Both turkey and soy flour are low in trans fat - turkey has 0.1g of trans fat per 100 grams and soy flour does not contain significant amounts.
Soy flour has signficantly less cholesterol than turkey - turkey has 109mg of cholesterol per 100 grams and soy flour does not contain significant amounts.
Turkey and soy flour contain similar amounts of Vitamin A - turkey has 12ug of Vitamin A per 100 grams and soy flour has 2ug of Vitamin A.
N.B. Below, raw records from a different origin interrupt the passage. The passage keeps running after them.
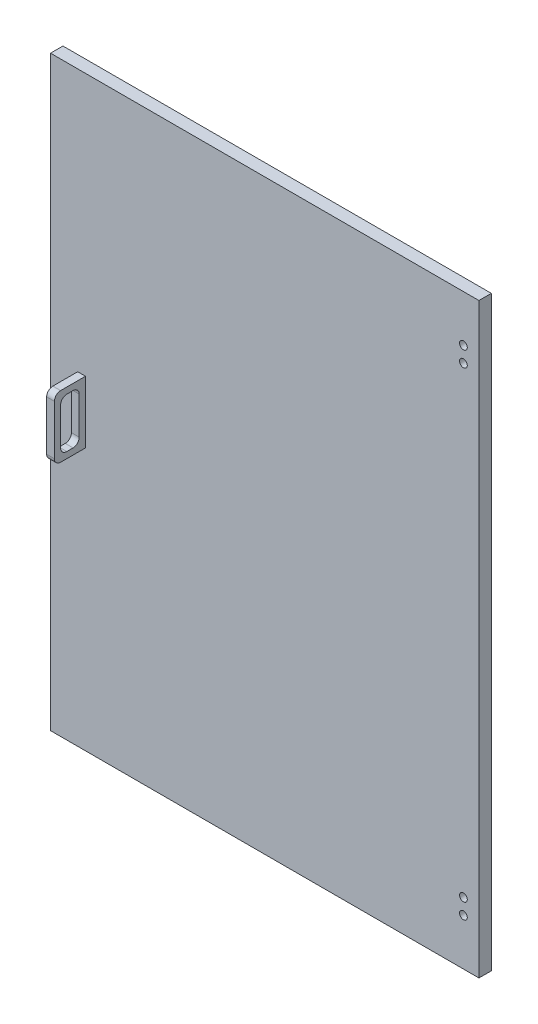
ISO-10303-21;
HEADER;
FILE_DESCRIPTION(('STEP AP214'),'2;1');
FILE_NAME('part.step','',(''),(''),'','','');
FILE_SCHEMA(('AUTOMOTIVE_DESIGN { 1 0 10303 214 1 1 1 1 }'));
ENDSEC;
DATA;
#1=APPLICATION_CONTEXT('core data for automotive mechanical design processes');
#2=APPLICATION_PROTOCOL_DEFINITION('international standard','automotive_design',2000,#1);
#3=PRODUCT_CONTEXT('',#1,'mechanical');
#4=PRODUCT('Part','Part','',(#3));
#5=PRODUCT_RELATED_PRODUCT_CATEGORY('part','',(#4));
#6=PRODUCT_DEFINITION_FORMATION('','',#4);
#7=PRODUCT_DEFINITION_CONTEXT('part definition',#1,'design');
#8=PRODUCT_DEFINITION('design','',#6,#7);
#9=PRODUCT_DEFINITION_SHAPE('','',#8);
#10=(LENGTH_UNIT() NAMED_UNIT(*) SI_UNIT(.MILLI.,.METRE.));
#11=(NAMED_UNIT(*) PLANE_ANGLE_UNIT() SI_UNIT($,.RADIAN.));
#12=(NAMED_UNIT(*) SI_UNIT($,.STERADIAN.) SOLID_ANGLE_UNIT());
#13=UNCERTAINTY_MEASURE_WITH_UNIT(LENGTH_MEASURE(1.E-05),#10,'distance_accuracy_value','');
#14=(GEOMETRIC_REPRESENTATION_CONTEXT(3) GLOBAL_UNCERTAINTY_ASSIGNED_CONTEXT((#13)) GLOBAL_UNIT_ASSIGNED_CONTEXT((#10,
#11,#12)) REPRESENTATION_CONTEXT('',''));
#15=CARTESIAN_POINT('',(0.,0.,0.));
#16=DIRECTION('',(0.,0.,1.));
#17=DIRECTION('',(1.,0.,0.));
#18=AXIS2_PLACEMENT_3D('',#15,#16,#17);
#19=CARTESIAN_POINT('',(0.,0.,0.));
#20=DIRECTION('',(0.,0.,1.));
#21=DIRECTION('',(1.,0.,0.));
#22=AXIS2_PLACEMENT_3D('',#19,#20,#21);
#23=PLANE('',#22);
#24=CARTESIAN_POINT('',(81.28,100.965,0.));
#25=DIRECTION('',(0.,0.,1.));
#26=DIRECTION('',(1.,0.,0.));
#27=AXIS2_PLACEMENT_3D('',#24,#25,#26);
#28=CIRCLE('',#27,1.5875);
#29=CARTESIAN_POINT('',(82.8675,100.965,0.));
#30=VERTEX_POINT('',#29);
#31=EDGE_CURVE('E229',#30,#30,#28,.T.);
#32=ORIENTED_EDGE('',*,*,#31,.F.);
#33=EDGE_LOOP('',(#32));
#34=FACE_BOUND('',#33,.T.);
#35=CARTESIAN_POINT('',(81.28,94.615,0.));
#36=DIRECTION('',(0.,0.,1.));
#37=DIRECTION('',(1.,0.,0.));
#38=AXIS2_PLACEMENT_3D('',#35,#36,#37);
#39=CIRCLE('',#38,1.5875);
#40=CARTESIAN_POINT('',(82.8675,94.615,0.));
#41=VERTEX_POINT('',#40);
#42=EDGE_CURVE('E233',#41,#41,#39,.T.);
#43=ORIENTED_EDGE('',*,*,#42,.F.);
#44=EDGE_LOOP('',(#43));
#45=FACE_BOUND('',#44,.T.);
#46=CARTESIAN_POINT('',(81.28,-94.615,0.));
#47=DIRECTION('',(0.,0.,1.));
#48=DIRECTION('',(-1.,0.,0.));
#49=AXIS2_PLACEMENT_3D('',#46,#47,#48);
#50=CIRCLE('',#49,1.5875);
#51=CARTESIAN_POINT('',(79.6925,-94.615,0.));
#52=VERTEX_POINT('',#51);
#53=EDGE_CURVE('E241',#52,#52,#50,.T.);
#54=ORIENTED_EDGE('',*,*,#53,.F.);
#55=EDGE_LOOP('',(#54));
#56=FACE_BOUND('',#55,.T.);
#57=CARTESIAN_POINT('',(81.28,-100.965,0.));
#58=DIRECTION('',(0.,0.,1.));
#59=DIRECTION('',(-1.,0.,0.));
#60=AXIS2_PLACEMENT_3D('',#57,#58,#59);
#61=CIRCLE('',#60,1.5875);
#62=CARTESIAN_POINT('',(79.6925,-100.965,0.));
#63=VERTEX_POINT('',#62);
#64=EDGE_CURVE('E249',#63,#63,#61,.T.);
#65=ORIENTED_EDGE('',*,*,#64,.F.);
#66=EDGE_LOOP('',(#65));
#67=FACE_BOUND('',#66,.T.);
#68=DIRECTION('',(0.,-1.,0.));
#69=VECTOR('',#68,1.);
#70=CARTESIAN_POINT('',(-87.63,120.015,0.));
#71=LINE('',#70,#69);
#72=CARTESIAN_POINT('',(-87.63,120.015,0.));
#73=VERTEX_POINT('',#72);
#74=CARTESIAN_POINT('',(-87.63,-120.015,0.));
#75=VERTEX_POINT('',#74);
#76=EDGE_CURVE('E228',#73,#75,#71,.T.);
#77=ORIENTED_EDGE('',*,*,#76,.T.);
#78=DIRECTION('',(1.,0.,0.));
#79=VECTOR('',#78,1.);
#80=CARTESIAN_POINT('',(-87.63,-120.015,0.));
#81=LINE('',#80,#79);
#82=CARTESIAN_POINT('',(87.63,-120.015,0.));
#83=VERTEX_POINT('',#82);
#84=EDGE_CURVE('E277',#75,#83,#81,.T.);
#85=ORIENTED_EDGE('',*,*,#84,.T.);
#86=DIRECTION('',(0.,1.,0.));
#87=VECTOR('',#86,1.);
#88=CARTESIAN_POINT('',(87.63,120.015,0.));
#89=LINE('',#88,#87);
#90=CARTESIAN_POINT('',(87.63,120.015,0.));
#91=VERTEX_POINT('',#90);
#92=EDGE_CURVE('E281',#83,#91,#89,.T.);
#93=ORIENTED_EDGE('',*,*,#92,.T.);
#94=DIRECTION('',(-1.,0.,0.));
#95=VECTOR('',#94,1.);
#96=CARTESIAN_POINT('',(-87.63,120.015,0.));
#97=LINE('',#96,#95);
#98=EDGE_CURVE('E261',#91,#73,#97,.T.);
#99=ORIENTED_EDGE('',*,*,#98,.T.);
#100=EDGE_LOOP('',(#77,#85,#93,#99));
#101=FACE_BOUND('',#100,.T.);
#102=DIRECTION('',(-1.,0.,0.));
#103=VECTOR('',#102,1.);
#104=CARTESIAN_POINT('',(-76.5175,12.7,0.));
#105=LINE('',#104,#103);
#106=CARTESIAN_POINT('',(-73.3425,12.7,0.));
#107=VERTEX_POINT('',#106);
#108=CARTESIAN_POINT('',(-76.5175,12.7,0.));
#109=VERTEX_POINT('',#108);
#110=EDGE_CURVE('E182',#107,#109,#105,.T.);
#111=ORIENTED_EDGE('',*,*,#110,.F.);
#112=DIRECTION('',(0.,1.,0.));
#113=VECTOR('',#112,1.);
#114=CARTESIAN_POINT('',(-73.3425,-12.7,0.));
#115=LINE('',#114,#113);
#116=CARTESIAN_POINT('',(-73.3425,-12.7,0.));
#117=VERTEX_POINT('',#116);
#118=EDGE_CURVE('E193',#117,#107,#115,.T.);
#119=ORIENTED_EDGE('',*,*,#118,.F.);
#120=DIRECTION('',(1.,0.,0.));
#121=VECTOR('',#120,1.);
#122=CARTESIAN_POINT('',(-76.5175,-12.7,0.));
#123=LINE('',#122,#121);
#124=CARTESIAN_POINT('',(-76.5175,-12.7,0.));
#125=VERTEX_POINT('',#124);
#126=EDGE_CURVE('E209',#125,#117,#123,.T.);
#127=ORIENTED_EDGE('',*,*,#126,.F.);
#128=DIRECTION('',(0.,-1.,0.));
#129=VECTOR('',#128,1.);
#130=CARTESIAN_POINT('',(-76.5175,-12.7,0.));
#131=LINE('',#130,#129);
#132=EDGE_CURVE('E205',#109,#125,#131,.T.);
#133=ORIENTED_EDGE('',*,*,#132,.F.);
#134=EDGE_LOOP('',(#111,#119,#127,#133));
#135=FACE_BOUND('',#134,.T.);
#136=ADVANCED_FACE('F51',(#34,#45,#56,#67,#101,#135),#23,.T.);
#137=CARTESIAN_POINT('',(-87.63,120.015,-5.08));
#138=DIRECTION('',(-1.,0.,0.));
#139=DIRECTION('',(0.,-1.,0.));
#140=AXIS2_PLACEMENT_3D('',#137,#138,#139);
#141=PLANE('',#140);
#142=ORIENTED_EDGE('',*,*,#76,.F.);
#143=DIRECTION('',(0.,0.,1.));
#144=VECTOR('',#143,1.);
#145=CARTESIAN_POINT('',(-87.63,120.015,-5.08));
#146=LINE('',#145,#144);
#147=CARTESIAN_POINT('',(-87.63,120.015,-5.08));
#148=VERTEX_POINT('',#147);
#149=EDGE_CURVE('E288',#148,#73,#146,.T.);
#150=ORIENTED_EDGE('',*,*,#149,.F.);
#151=DIRECTION('',(0.,-1.,0.));
#152=VECTOR('',#151,1.);
#153=CARTESIAN_POINT('',(-87.63,120.015,-5.08));
#154=LINE('',#153,#152);
#155=CARTESIAN_POINT('',(-87.63,-120.015,-5.08));
#156=VERTEX_POINT('',#155);
#157=EDGE_CURVE('E256',#148,#156,#154,.T.);
#158=ORIENTED_EDGE('',*,*,#157,.T.);
#159=DIRECTION('',(0.,0.,1.));
#160=VECTOR('',#159,1.);
#161=CARTESIAN_POINT('',(-87.63,-120.015,-5.08));
#162=LINE('',#161,#160);
#163=EDGE_CURVE('E273',#156,#75,#162,.T.);
#164=ORIENTED_EDGE('',*,*,#163,.T.);
#165=EDGE_LOOP('',(#142,#150,#158,#164));
#166=FACE_BOUND('',#165,.T.);
#167=ADVANCED_FACE('F452',(#166),#141,.T.);
#168=CARTESIAN_POINT('',(-87.63,120.015,-5.08));
#169=DIRECTION('',(0.,1.,0.));
#170=DIRECTION('',(0.,0.,1.));
#171=AXIS2_PLACEMENT_3D('',#168,#169,#170);
#172=PLANE('',#171);
#173=ORIENTED_EDGE('',*,*,#98,.F.);
#174=DIRECTION('',(0.,0.,1.));
#175=VECTOR('',#174,1.);
#176=CARTESIAN_POINT('',(87.63,120.015,-5.08));
#177=LINE('',#176,#175);
#178=CARTESIAN_POINT('',(87.63,120.015,-5.08));
#179=VERTEX_POINT('',#178);
#180=EDGE_CURVE('E292',#179,#91,#177,.T.);
#181=ORIENTED_EDGE('',*,*,#180,.F.);
#182=DIRECTION('',(-1.,0.,0.));
#183=VECTOR('',#182,1.);
#184=CARTESIAN_POINT('',(-87.63,120.015,-5.08));
#185=LINE('',#184,#183);
#186=EDGE_CURVE('E269',#179,#148,#185,.T.);
#187=ORIENTED_EDGE('',*,*,#186,.T.);
#188=ORIENTED_EDGE('',*,*,#149,.T.);
#189=EDGE_LOOP('',(#173,#181,#187,#188));
#190=FACE_BOUND('',#189,.T.);
#191=ADVANCED_FACE('F458',(#190),#172,.T.);
#192=CARTESIAN_POINT('',(87.63,120.015,-5.08));
#193=DIRECTION('',(1.,0.,0.));
#194=DIRECTION('',(0.,1.,0.));
#195=AXIS2_PLACEMENT_3D('',#192,#193,#194);
#196=PLANE('',#195);
#197=ORIENTED_EDGE('',*,*,#92,.F.);
#198=DIRECTION('',(0.,0.,1.));
#199=VECTOR('',#198,1.);
#200=CARTESIAN_POINT('',(87.63,-120.015,-5.08));
#201=LINE('',#200,#199);
#202=CARTESIAN_POINT('',(87.63,-120.015,-5.08));
#203=VERTEX_POINT('',#202);
#204=EDGE_CURVE('E295',#203,#83,#201,.T.);
#205=ORIENTED_EDGE('',*,*,#204,.F.);
#206=DIRECTION('',(0.,1.,0.));
#207=VECTOR('',#206,1.);
#208=CARTESIAN_POINT('',(87.63,120.015,-5.08));
#209=LINE('',#208,#207);
#210=EDGE_CURVE('E265',#203,#179,#209,.T.);
#211=ORIENTED_EDGE('',*,*,#210,.T.);
#212=ORIENTED_EDGE('',*,*,#180,.T.);
#213=EDGE_LOOP('',(#197,#205,#211,#212));
#214=FACE_BOUND('',#213,.T.);
#215=ADVANCED_FACE('F469',(#214),#196,.T.);
#216=CARTESIAN_POINT('',(-87.63,-120.015,-5.08));
#217=DIRECTION('',(0.,-1.,0.));
#218=DIRECTION('',(0.,0.,-1.));
#219=AXIS2_PLACEMENT_3D('',#216,#217,#218);
#220=PLANE('',#219);
#221=ORIENTED_EDGE('',*,*,#84,.F.);
#222=ORIENTED_EDGE('',*,*,#163,.F.);
#223=DIRECTION('',(1.,0.,0.));
#224=VECTOR('',#223,1.);
#225=CARTESIAN_POINT('',(-87.63,-120.015,-5.08));
#226=LINE('',#225,#224);
#227=EDGE_CURVE('E260',#156,#203,#226,.T.);
#228=ORIENTED_EDGE('',*,*,#227,.T.);
#229=ORIENTED_EDGE('',*,*,#204,.T.);
#230=EDGE_LOOP('',(#221,#222,#228,#229));
#231=FACE_BOUND('',#230,.T.);
#232=ADVANCED_FACE('F473',(#231),#220,.T.);
#233=CARTESIAN_POINT('',(0.,0.,-5.08));
#234=DIRECTION('',(0.,0.,1.));
#235=DIRECTION('',(1.,0.,0.));
#236=AXIS2_PLACEMENT_3D('',#233,#234,#235);
#237=PLANE('',#236);
#238=CARTESIAN_POINT('',(81.28,100.965,-5.08));
#239=DIRECTION('',(0.,0.,1.));
#240=DIRECTION('',(1.,0.,0.));
#241=AXIS2_PLACEMENT_3D('',#238,#239,#240);
#242=CIRCLE('',#241,1.5875);
#243=CARTESIAN_POINT('',(82.8675,100.965,-5.08));
#244=VERTEX_POINT('',#243);
#245=EDGE_CURVE('E224',#244,#244,#242,.T.);
#246=ORIENTED_EDGE('',*,*,#245,.T.);
#247=EDGE_LOOP('',(#246));
#248=FACE_BOUND('',#247,.T.);
#249=CARTESIAN_POINT('',(81.28,94.615,-5.08));
#250=DIRECTION('',(0.,0.,1.));
#251=DIRECTION('',(1.,0.,0.));
#252=AXIS2_PLACEMENT_3D('',#249,#250,#251);
#253=CIRCLE('',#252,1.5875);
#254=CARTESIAN_POINT('',(82.8675,94.615,-5.08));
#255=VERTEX_POINT('',#254);
#256=EDGE_CURVE('E237',#255,#255,#253,.T.);
#257=ORIENTED_EDGE('',*,*,#256,.T.);
#258=EDGE_LOOP('',(#257));
#259=FACE_BOUND('',#258,.T.);
#260=CARTESIAN_POINT('',(81.28,-94.615,-5.08));
#261=DIRECTION('',(0.,0.,1.));
#262=DIRECTION('',(-1.,0.,0.));
#263=AXIS2_PLACEMENT_3D('',#260,#261,#262);
#264=CIRCLE('',#263,1.5875);
#265=CARTESIAN_POINT('',(79.6925,-94.615,-5.08));
#266=VERTEX_POINT('',#265);
#267=EDGE_CURVE('E245',#266,#266,#264,.T.);
#268=ORIENTED_EDGE('',*,*,#267,.T.);
#269=EDGE_LOOP('',(#268));
#270=FACE_BOUND('',#269,.T.);
#271=CARTESIAN_POINT('',(81.28,-100.965,-5.08));
#272=DIRECTION('',(0.,0.,1.));
#273=DIRECTION('',(-1.,0.,0.));
#274=AXIS2_PLACEMENT_3D('',#271,#272,#273);
#275=CIRCLE('',#274,1.5875);
#276=CARTESIAN_POINT('',(79.6925,-100.965,-5.08));
#277=VERTEX_POINT('',#276);
#278=EDGE_CURVE('E189',#277,#277,#275,.T.);
#279=ORIENTED_EDGE('',*,*,#278,.T.);
#280=EDGE_LOOP('',(#279));
#281=FACE_BOUND('',#280,.T.);
#282=ORIENTED_EDGE('',*,*,#157,.F.);
#283=ORIENTED_EDGE('',*,*,#186,.F.);
#284=ORIENTED_EDGE('',*,*,#210,.F.);
#285=ORIENTED_EDGE('',*,*,#227,.F.);
#286=EDGE_LOOP('',(#282,#283,#284,#285));
#287=FACE_BOUND('',#286,.T.);
#288=ADVANCED_FACE('F465',(#248,#259,#270,#281,#287),#237,.F.);
#289=CARTESIAN_POINT('',(81.28,-100.965,-5.08));
#290=DIRECTION('',(0.,0.,1.));
#291=DIRECTION('',(1.,0.,0.));
#292=AXIS2_PLACEMENT_3D('',#289,#290,#291);
#293=CYLINDRICAL_SURFACE('',#292,1.5875);
#294=ORIENTED_EDGE('',*,*,#278,.F.);
#295=EDGE_LOOP('',(#294));
#296=FACE_BOUND('',#295,.T.);
#297=ORIENTED_EDGE('',*,*,#64,.T.);
#298=EDGE_LOOP('',(#297));
#299=FACE_BOUND('',#298,.T.);
#300=ADVANCED_FACE('F480',(#296,#299),#293,.F.);
#301=CARTESIAN_POINT('',(81.28,-94.615,-5.08));
#302=DIRECTION('',(0.,0.,1.));
#303=DIRECTION('',(1.,0.,0.));
#304=AXIS2_PLACEMENT_3D('',#301,#302,#303);
#305=CYLINDRICAL_SURFACE('',#304,1.5875);
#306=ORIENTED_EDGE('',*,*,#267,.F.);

Turkey has more Vitamin D than soy flour - turkey has 15iu of Vitamin D per 100 grams and soy flour does not contain significant amounts.
Turkey and soy flour contain similar amounts of Vitamin E - turkey has 0.07mg of Vitamin E per 100 grams and soy flour has 0.55mg of Vitamin E.
Soy flour and turkey contain similar amounts of Vitamin K - soy flour has 3.9ug of Vitamin K per 100 grams and turkey does not contain significant amounts.
Soy flour has more thiamin and folate, however, turkey contains more niacin and Vitamin B12. Both soy flour and turkey contain significant amounts of riboflavin, pantothenic acid and Vitamin B6.
Soy Flour | Turkey | |
---|---|---|
Thiamin | 1.088 MG | 0.045 MG |
Riboflavin | 0.28 MG | 0.281 MG |
Niacin | 2.95 MG | 9.573 MG |
Pantothenic acid | 1.55 MG | 0.948 MG |
Vitamin B6 | 1.05 MG | 0.616 MG |
Folate | 289 UG | 9 UG |
Vitamin B12 | ~ | 1.02 UG |
Soy flour is an excellent source of calcium and it has 19 times more calcium than turkey - turkey has 14mg of calcium per 100 grams and soy flour has 285mg of calcium.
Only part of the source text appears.